Information Sharing Orders Plan B – Your Citizen Record will be Integrated not Shared
Do you remember Information Sharing Orders, to allow Ministers to override the Data Protection Act by fiat, smuggled into the “Coroners and Criminal Justice Bill” at the end of last year:
Plans to allow people’s details to be shared across government departments and agencies have been criticised as “draconian” in the Commons.
…
But he was accused of using the controversial inquest proposals, dropped last year from counter-terrorism legislation, as a “red rag” to attract attention while data-sharing proposals were “smuggled” in.
The Information Sharing Orders would remove data protection restrictions that mean information can only be used for the purpose it was taken.
Which were subsequently dropped after the idea was placed under the spotlight:
The government has revealed that it will ‘rethink’ a proposed law that would allow departments to demand information on citizens from businesses or other agencies, and use it in ways for which it was not originally intended.
The clause in the Coroners and Justice Bill, currently under evaluation by Parliament, would allow government departments to impose ‘information-sharing orders’ on public and private sector organisations, at the request of a minister.
The only requirement would be that the information-sharing order was in the interest of any stated policy directive.
Many groups, from NO2ID to the BCS, have criticised the clause, arguing that it would effectively grant the government unfettered access to citizens’ private information.
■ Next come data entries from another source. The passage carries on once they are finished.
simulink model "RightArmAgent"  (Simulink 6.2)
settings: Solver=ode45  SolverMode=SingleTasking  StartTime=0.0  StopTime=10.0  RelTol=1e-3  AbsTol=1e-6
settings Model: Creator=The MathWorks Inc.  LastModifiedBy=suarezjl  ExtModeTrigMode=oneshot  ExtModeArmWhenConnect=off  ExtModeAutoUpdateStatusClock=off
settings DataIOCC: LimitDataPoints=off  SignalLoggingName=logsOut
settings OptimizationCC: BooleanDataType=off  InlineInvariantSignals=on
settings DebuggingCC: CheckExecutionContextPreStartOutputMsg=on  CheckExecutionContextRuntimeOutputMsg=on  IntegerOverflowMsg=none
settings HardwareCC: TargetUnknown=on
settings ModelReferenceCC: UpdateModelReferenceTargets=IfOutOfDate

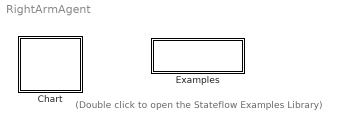
== system RightArmAgent ==
  note: (Double click to open the
      | Stateflow Examples Library)
  Chart : Stateflow chart
  Examples : Subsystem
      settings: OpenFcn=sf('Private','sf_examples')
      mask Display: disp('Examples')

== system RightArmAgent/Examples ==

== stateflow chart Chart ==
  state InitialArmRoutine
    Popeye\RightReachDemo\RightArm\HomingController.ComputeHomingPressures()
    Popeye\RightReachDemo\RightArm\SampleIndPressure.HW_IO_6()
    Popeye\RightReachDemo\RightArm\StateMachine.Wait(50)
  state InitializeFunctions
    Popeye\RightReachDemo\RightArm\HomingController.Initial()
    Popeye\RightReachDemo\RightArm\SampleIndPressure.Initialize()
    Popeye\RightReachDemo\RightArm\PIDNonLinCtrl.Initial()
    Popeye\RightReachDemo\RightArm\ForwardKinematics.Initialize()
    Popeye\RightReachDemo\RightArm\InverseKinematics.Initialize()
    Popeye\RightReachDemo\RightArm\SampleIndPressure.Disable_ZMasking()
  state WriteHomeDesiredLogicalAngles
    Popeye\RightReachDemo\RightArm\SampleIndPressure.Enable_ZMasking()
    Popeye\RightReachDemo\RightArm\SampleIndPressure.WriteHomePositions()
  state LoadHomePosition
    Popeye\RightReachDemo\RightArm\SampleIndPressure.HW_IO_6()
    Popeye\RightReachDemo\RightArm\PIDNonLinCtrl.PID_NonLin_6Press()
    Popeye\RightReachDemo\RightArm\ForwardKinematics.ForwardKinematics()
    Popeye\RightReachDemo\RightArm\InverseKinematics.InverseKinematics()
  state PID_NonLinCtrlLoop
    Popeye\RightReachDemo\RightArm\Filter.FilterDesiredAngles()
    Popeye\RightReachDemo\RightArm\PIDNonLinCtrl.PID_NonLin_12Press()
    Popeye\RightReachDemo\RightArm\SampleIndPressure.HW_IO_12()
    Popeye\RightReachDemo\RightArm\PIDNonLinCtrl.Read_CurrentPressure()
    Popeye\RightReachDemo\RightArm\ForwardKinematics.ForwardKinematics()
    Popeye\RightReachDemo\RightArm\InverseKinematics.InverseKinematics()
    Popeye\RightReachDemo\RightArm\StateMachine.Wait(50)
  (default) -> InitializeFunctions : Start
  InitialArmRoutine -> InitialArmRoutine [order 1] : Default
  InitializeFunctions -> InitialArmRoutine : Always
  WriteHomeDesiredLogicalAngles -> LoadHomePosition : Always
  LoadHomePosition -> PID_NonLinCtrlLoop : Always
  InitialArmRoutine -> WriteHomeDesiredLogicalAngles [order 2] : Signal="Go to next state"
  PID_NonLinCtrlLoop -> PID_NonLinCtrlLoop : Default

Well, Plan B to circumvent the Data Protection Act may have surfaced: rather than sharing data we will all have an “Integrated Citizen Record”. Via Ian Cuddy:
The project, being led by the Department for Communities and Local Government, is called EPDM, short for ‘Effective Partnership Data Management’.
Though sounding fairly innocuous, EPDM has been described by those involved in the project as the ‘silver bullet‘ for the public sector’s data sharing problems.
The remark came from consultants Xantura, who were commissioned by the Department for Communities and Local Government last year to develop what they called
‘a strategy and programme of work to challenge assumptions and constraints to the sharing of data between public sector agencies’.
The plan, it now transpires, is to give every individual an ”Integrated Citizen Record’ which will track their every interaction with government and trigger automatic alerts to other databases on any change.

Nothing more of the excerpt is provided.